Other embodiments of the present invention relate to a method of operating a vehicle towing a trailer. An image is captured of a frontal surface of the trailer. An area and shape of the frontal surface of the trailer is estimated from the captured image. A type of trailer is identified from the estimated area and shape of the frontal surface of the trailer. Correlated information is retrieved related to the trailer based on the type of trailer identified. The correlated information is transmitted to an on-board vehicle control unit. The operation of the vehicle is modified according to the correlated information.

Still other embodiments of the present invention relate to a system of operating a vehicle towing a trailer. Means are provided for capturing an image of a frontal surface of the trailer. Means are also provided for estimating an area and shape of the frontal surface of the trailer from the captured image. Other means are provided for identifying a type of trailer from the estimated area and shape of the frontal surface of the trailer. Additional means are provided for retrieving correlated information related to the trailer based on the type of trailer identified. Means are further provided for transmitting the correlated information to an on-board vehicle control unit. Means are then provided for modifying the operation of the vehicle according to the correlated information.

Other benefits and advantages will become apparent to those skilled in the art to which it pertains upon reading and understanding of the following detailed specification.

Still other benefits and advantages of the invention will become apparent to those skilled in the art to which it pertains upon a reading and understanding of the following detailed specification.

III. BRIEF DESCRIPTION OF THE DRAWINGS

The invention may take physical form in certain parts and arrangement of parts, embodiments of which will be described in detail in this specification and illustrated in the accompanying drawings which form a part hereof and wherein:

FIG. 1 is a side view depicting a vehicle towing a trailer and having a rearwardly facing camera system in accordance with the present invention.

FIG. 2 illustrates the field of view of a rearwardly facing camera observing a frontal surface of the trailer, in accordance with the present invention.

FIG. 3 is a schematic view of a system for identifying a trailer being towed by a vehicle in accordance with the present invention.

FIG. 4 is a flow chart of a method of operating a vehicle towing a trailer in accordance with the present invention.

IV. DETAILED DESCRIPTION OF THE INVENTION

The present invention generally relates to systems and methods for identifying a type of trailer being towed by a vehicle and providing information about the trailer to the vehicle's on-board electronic control system, so as to operate the vehicle towing the trailer. The invention includes a camera and a pattern recognition arrangement for identifying the front-facing surface of the trailer. This information may be referenced to a database of trailer types and cross-referenced to another database containing various parameter information for each trailer type. This parameter information is processed by the vehicle's electronic control system, so as to compensate for the performance variations produced by the trailer.

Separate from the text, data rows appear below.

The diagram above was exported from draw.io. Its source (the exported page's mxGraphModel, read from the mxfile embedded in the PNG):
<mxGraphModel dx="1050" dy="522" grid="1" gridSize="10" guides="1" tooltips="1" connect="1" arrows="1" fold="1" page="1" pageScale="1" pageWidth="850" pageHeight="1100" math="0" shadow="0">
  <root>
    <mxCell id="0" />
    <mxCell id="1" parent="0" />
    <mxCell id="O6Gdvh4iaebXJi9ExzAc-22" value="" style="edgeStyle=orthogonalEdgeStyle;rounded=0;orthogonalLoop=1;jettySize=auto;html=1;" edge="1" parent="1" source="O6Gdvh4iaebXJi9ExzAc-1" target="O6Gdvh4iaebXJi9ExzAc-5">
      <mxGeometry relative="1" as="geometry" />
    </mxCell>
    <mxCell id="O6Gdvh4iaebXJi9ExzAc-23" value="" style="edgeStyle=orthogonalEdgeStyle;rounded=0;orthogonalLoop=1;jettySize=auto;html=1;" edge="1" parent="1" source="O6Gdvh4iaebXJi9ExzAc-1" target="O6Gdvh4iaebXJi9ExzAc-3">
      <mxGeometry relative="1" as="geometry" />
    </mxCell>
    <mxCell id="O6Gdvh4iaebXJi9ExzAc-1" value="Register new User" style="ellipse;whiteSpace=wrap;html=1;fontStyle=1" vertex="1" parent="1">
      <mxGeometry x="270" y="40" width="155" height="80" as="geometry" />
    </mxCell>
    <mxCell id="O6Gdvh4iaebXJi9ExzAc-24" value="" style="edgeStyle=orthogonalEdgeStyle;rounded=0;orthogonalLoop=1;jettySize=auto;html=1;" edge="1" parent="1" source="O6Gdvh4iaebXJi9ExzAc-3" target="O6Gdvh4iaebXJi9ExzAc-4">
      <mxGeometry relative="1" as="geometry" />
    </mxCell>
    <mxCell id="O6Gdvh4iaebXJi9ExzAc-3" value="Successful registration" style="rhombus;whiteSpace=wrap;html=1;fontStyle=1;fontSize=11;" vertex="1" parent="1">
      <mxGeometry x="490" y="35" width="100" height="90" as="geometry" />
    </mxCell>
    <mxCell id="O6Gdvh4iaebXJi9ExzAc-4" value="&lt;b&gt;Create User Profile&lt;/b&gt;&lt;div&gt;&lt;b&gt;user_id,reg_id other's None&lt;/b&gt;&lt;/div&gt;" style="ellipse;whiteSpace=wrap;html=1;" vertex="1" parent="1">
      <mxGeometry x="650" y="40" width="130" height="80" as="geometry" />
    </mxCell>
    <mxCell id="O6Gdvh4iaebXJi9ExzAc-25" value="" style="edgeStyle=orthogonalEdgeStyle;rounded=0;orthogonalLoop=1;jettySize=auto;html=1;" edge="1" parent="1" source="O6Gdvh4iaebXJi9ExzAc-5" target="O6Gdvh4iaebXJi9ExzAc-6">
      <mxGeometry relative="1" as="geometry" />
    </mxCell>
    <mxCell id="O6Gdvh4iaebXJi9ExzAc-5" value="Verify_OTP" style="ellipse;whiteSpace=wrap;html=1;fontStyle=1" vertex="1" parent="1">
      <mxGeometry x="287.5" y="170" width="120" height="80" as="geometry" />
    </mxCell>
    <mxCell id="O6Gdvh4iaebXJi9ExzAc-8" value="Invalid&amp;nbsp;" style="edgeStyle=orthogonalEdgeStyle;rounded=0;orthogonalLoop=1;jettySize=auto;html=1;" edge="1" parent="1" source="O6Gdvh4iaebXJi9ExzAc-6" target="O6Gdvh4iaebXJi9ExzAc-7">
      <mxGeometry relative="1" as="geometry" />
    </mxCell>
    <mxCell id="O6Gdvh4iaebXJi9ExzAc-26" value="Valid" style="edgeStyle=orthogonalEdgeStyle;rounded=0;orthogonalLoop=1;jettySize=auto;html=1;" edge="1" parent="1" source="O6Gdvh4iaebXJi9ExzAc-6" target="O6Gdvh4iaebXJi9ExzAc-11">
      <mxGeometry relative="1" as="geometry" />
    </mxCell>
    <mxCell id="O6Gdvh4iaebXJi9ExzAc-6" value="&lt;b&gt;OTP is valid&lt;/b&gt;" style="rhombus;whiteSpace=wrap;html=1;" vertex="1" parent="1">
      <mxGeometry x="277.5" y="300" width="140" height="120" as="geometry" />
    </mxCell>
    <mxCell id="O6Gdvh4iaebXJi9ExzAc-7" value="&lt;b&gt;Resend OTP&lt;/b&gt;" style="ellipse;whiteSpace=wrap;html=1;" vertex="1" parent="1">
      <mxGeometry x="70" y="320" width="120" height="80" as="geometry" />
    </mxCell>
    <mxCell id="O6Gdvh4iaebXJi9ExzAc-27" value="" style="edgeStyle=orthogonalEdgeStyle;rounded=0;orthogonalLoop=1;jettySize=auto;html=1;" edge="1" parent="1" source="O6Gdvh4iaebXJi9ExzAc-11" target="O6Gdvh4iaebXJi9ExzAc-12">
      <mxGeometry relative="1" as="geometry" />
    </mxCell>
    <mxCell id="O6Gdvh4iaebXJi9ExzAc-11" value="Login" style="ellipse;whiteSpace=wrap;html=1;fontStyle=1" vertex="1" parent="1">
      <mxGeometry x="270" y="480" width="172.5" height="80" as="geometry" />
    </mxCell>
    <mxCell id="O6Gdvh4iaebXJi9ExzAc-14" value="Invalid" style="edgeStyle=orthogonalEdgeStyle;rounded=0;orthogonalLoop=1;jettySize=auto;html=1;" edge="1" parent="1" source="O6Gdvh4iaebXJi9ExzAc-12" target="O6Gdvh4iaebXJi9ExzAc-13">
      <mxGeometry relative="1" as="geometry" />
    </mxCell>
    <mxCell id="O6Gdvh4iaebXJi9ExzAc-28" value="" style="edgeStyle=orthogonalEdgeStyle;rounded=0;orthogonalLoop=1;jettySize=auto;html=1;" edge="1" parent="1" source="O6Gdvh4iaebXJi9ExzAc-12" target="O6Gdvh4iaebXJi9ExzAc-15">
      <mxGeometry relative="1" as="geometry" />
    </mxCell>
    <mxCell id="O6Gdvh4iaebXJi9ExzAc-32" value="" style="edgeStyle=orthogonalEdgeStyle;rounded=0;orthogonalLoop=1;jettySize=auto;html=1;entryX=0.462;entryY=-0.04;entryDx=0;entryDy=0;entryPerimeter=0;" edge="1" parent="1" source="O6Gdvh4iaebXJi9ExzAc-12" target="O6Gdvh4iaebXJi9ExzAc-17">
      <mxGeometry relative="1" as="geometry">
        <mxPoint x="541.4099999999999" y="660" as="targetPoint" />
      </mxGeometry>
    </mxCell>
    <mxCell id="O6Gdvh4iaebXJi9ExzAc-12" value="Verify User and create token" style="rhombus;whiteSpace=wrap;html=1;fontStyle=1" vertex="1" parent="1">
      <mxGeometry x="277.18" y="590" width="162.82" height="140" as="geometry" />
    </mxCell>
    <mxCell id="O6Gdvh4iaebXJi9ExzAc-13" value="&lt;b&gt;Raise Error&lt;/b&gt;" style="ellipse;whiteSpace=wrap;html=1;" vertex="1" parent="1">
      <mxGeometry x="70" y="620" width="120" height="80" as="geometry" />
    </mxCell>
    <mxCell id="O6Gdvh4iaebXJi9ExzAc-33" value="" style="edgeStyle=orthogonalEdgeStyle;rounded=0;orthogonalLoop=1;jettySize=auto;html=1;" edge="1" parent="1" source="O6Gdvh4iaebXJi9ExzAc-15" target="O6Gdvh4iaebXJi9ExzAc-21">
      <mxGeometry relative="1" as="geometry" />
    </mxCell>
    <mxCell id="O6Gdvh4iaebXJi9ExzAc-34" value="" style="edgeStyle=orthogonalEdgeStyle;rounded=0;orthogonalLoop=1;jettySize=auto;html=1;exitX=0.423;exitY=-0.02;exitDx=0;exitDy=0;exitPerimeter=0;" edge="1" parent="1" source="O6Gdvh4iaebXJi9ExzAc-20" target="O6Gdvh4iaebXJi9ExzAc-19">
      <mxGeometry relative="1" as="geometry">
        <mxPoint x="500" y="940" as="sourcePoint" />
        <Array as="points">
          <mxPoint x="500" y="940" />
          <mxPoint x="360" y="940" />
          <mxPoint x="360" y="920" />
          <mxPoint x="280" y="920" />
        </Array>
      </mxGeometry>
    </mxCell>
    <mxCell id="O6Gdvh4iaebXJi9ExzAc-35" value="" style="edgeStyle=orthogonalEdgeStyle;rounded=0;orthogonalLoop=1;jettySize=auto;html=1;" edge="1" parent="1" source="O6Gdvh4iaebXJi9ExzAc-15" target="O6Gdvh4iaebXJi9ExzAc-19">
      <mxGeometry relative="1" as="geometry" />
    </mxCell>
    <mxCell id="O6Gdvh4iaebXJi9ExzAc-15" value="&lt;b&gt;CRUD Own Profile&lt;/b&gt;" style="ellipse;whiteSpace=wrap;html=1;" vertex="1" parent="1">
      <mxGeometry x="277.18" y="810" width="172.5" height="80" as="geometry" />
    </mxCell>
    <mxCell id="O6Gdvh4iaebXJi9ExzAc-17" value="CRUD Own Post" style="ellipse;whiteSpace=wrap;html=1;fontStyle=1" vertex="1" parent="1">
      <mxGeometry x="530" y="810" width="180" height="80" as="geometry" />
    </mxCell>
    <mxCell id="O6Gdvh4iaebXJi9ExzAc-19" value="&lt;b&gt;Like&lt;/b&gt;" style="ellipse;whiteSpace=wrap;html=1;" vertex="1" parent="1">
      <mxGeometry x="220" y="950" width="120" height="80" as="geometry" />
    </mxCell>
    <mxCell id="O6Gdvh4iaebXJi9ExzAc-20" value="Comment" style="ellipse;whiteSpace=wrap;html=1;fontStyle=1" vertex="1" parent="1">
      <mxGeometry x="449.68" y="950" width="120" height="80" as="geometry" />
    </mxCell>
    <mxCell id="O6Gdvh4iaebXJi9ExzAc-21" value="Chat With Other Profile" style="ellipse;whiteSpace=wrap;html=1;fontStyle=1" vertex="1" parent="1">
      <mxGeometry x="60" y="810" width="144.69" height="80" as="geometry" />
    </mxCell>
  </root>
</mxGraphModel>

Referring now to the drawings wherein the showings are for purposes of illustrating embodiments of the invention only and not for purposes of limiting the same, and wherein like reference numerals are understood to refer to like components, FIG. 1 generally shows a vehicle 10 equipped with a camera 20 and towing a trailer 12. It should be understood that this invention will work well with any type of vehicle used to tow a trailer including, for some non-limiting examples, automobiles, trucks, buses, motorcycles, tractors and off-road vehicles. It should also be under that this invention will work well with any type of trailer having any type of load (including no load) chosen with sound engineering judgment.

With reference now to FIGS. 1-2, the camera 20 is used to capture an image of a frontal surface 12a of the trailer 12 and in this way is used to detect the presence of the trailer 12. The camera 20 may be of any type or style sufficient to capture the proper image and it may be positioned in any location and in any manner to properly acquire the image of a frontal surface 12a of the trailer 12. For the embodiment shown, the camera 20 is mounted on a rear outer surface of the vehicle 10. In alternate embodiments, the camera 20 may be positioned within the vehicle 10, mounted to the top or bottom of the vehicle 10, mounted to a side of the vehicle 10, and/or mounted to the trailer 12. It should also be appreciated that the camera 20 can be installed onto a vehicle during the manufacturing of the vehicle. In another embodiment, the camera 20 may be installed onto an existing vehicle in order to provide a rear view to the driver when backing the vehicle in reverse.

As shown in FIG. 2, the camera 20 has a field of view 22 that includes the frontal surface 12a of the trailer 12. In one embodiment, the camera 20 includes a wide angle lens that enables the entire frontal surface 12a to be perceived within the field of view 22. The image of the frontal surface 12a is captured and then may be processed by an electronic trailer identification system 30, as will be set forth in detail hereinbelow.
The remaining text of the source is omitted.